↓↓↓

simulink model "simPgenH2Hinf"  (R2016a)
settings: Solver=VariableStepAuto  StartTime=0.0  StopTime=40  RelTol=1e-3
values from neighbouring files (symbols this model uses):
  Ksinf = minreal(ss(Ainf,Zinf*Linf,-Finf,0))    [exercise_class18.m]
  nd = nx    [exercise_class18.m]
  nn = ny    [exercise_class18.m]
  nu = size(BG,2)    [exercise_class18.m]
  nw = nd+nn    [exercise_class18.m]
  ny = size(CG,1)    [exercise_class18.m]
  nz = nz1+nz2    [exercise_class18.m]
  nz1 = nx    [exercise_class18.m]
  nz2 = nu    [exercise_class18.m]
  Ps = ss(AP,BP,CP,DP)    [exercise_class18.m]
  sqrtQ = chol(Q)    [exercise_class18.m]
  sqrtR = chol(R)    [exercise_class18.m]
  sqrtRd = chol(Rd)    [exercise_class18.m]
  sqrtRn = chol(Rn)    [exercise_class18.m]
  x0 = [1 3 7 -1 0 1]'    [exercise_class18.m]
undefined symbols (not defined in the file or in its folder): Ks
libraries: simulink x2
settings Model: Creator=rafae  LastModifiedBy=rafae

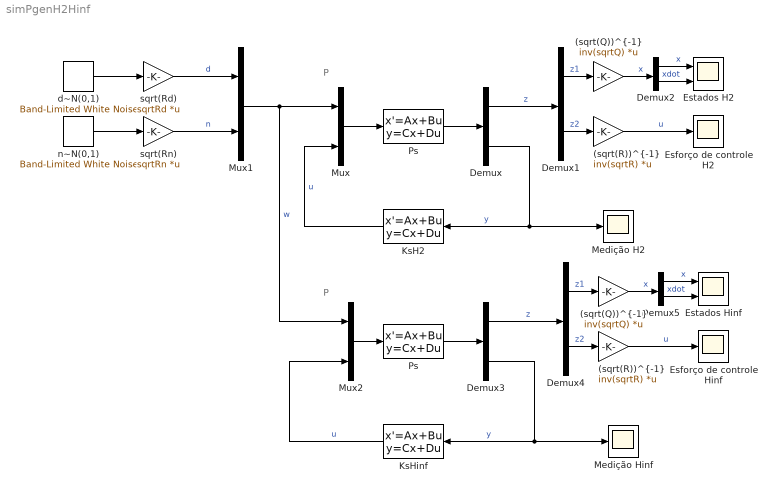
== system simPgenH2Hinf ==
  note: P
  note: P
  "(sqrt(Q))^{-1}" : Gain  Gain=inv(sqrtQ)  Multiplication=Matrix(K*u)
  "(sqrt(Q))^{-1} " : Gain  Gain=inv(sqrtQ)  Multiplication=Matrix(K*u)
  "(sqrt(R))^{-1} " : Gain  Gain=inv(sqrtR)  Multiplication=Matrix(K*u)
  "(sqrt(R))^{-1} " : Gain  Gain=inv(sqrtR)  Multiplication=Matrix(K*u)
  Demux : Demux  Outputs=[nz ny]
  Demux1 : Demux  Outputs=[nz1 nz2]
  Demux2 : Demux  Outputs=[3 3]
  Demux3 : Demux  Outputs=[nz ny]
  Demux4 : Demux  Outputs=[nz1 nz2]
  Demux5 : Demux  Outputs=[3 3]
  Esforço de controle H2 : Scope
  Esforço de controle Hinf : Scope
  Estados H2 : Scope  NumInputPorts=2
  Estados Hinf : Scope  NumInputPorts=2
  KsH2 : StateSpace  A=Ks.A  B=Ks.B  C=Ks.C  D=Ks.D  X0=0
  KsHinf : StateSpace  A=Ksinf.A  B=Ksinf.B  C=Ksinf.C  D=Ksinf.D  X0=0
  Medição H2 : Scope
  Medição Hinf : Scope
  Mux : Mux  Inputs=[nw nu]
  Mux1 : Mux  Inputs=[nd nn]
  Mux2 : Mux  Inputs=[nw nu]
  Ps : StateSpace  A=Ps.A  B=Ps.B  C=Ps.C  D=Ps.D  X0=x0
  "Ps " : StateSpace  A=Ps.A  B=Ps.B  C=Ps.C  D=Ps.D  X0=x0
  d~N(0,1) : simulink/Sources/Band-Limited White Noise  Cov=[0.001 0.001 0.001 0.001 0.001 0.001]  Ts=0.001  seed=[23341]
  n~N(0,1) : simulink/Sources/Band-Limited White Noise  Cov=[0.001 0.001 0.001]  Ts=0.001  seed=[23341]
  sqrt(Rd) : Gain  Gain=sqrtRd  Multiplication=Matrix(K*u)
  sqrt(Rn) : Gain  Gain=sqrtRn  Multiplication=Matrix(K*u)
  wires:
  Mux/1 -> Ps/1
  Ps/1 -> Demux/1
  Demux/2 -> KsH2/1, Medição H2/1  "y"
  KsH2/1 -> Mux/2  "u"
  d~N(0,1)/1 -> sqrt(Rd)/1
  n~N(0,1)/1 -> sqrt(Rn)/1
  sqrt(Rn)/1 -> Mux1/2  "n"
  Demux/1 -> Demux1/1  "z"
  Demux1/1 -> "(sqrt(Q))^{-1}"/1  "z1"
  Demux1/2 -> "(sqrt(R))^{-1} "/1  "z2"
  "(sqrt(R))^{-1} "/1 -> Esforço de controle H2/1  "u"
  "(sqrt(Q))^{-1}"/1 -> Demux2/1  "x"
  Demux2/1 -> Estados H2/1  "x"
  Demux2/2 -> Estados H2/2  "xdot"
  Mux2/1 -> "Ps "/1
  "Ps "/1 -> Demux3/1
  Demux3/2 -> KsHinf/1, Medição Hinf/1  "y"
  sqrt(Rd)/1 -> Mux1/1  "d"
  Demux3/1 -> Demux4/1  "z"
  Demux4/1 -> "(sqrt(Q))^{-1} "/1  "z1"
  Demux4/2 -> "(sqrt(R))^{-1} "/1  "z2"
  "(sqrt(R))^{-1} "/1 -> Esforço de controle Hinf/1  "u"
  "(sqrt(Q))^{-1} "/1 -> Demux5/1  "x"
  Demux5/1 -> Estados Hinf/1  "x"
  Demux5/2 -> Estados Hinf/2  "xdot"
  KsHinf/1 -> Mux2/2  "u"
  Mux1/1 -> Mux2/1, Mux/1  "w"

↑↑↑

Across the entries above, state how many lines include the string "Outputs", with no other text.

6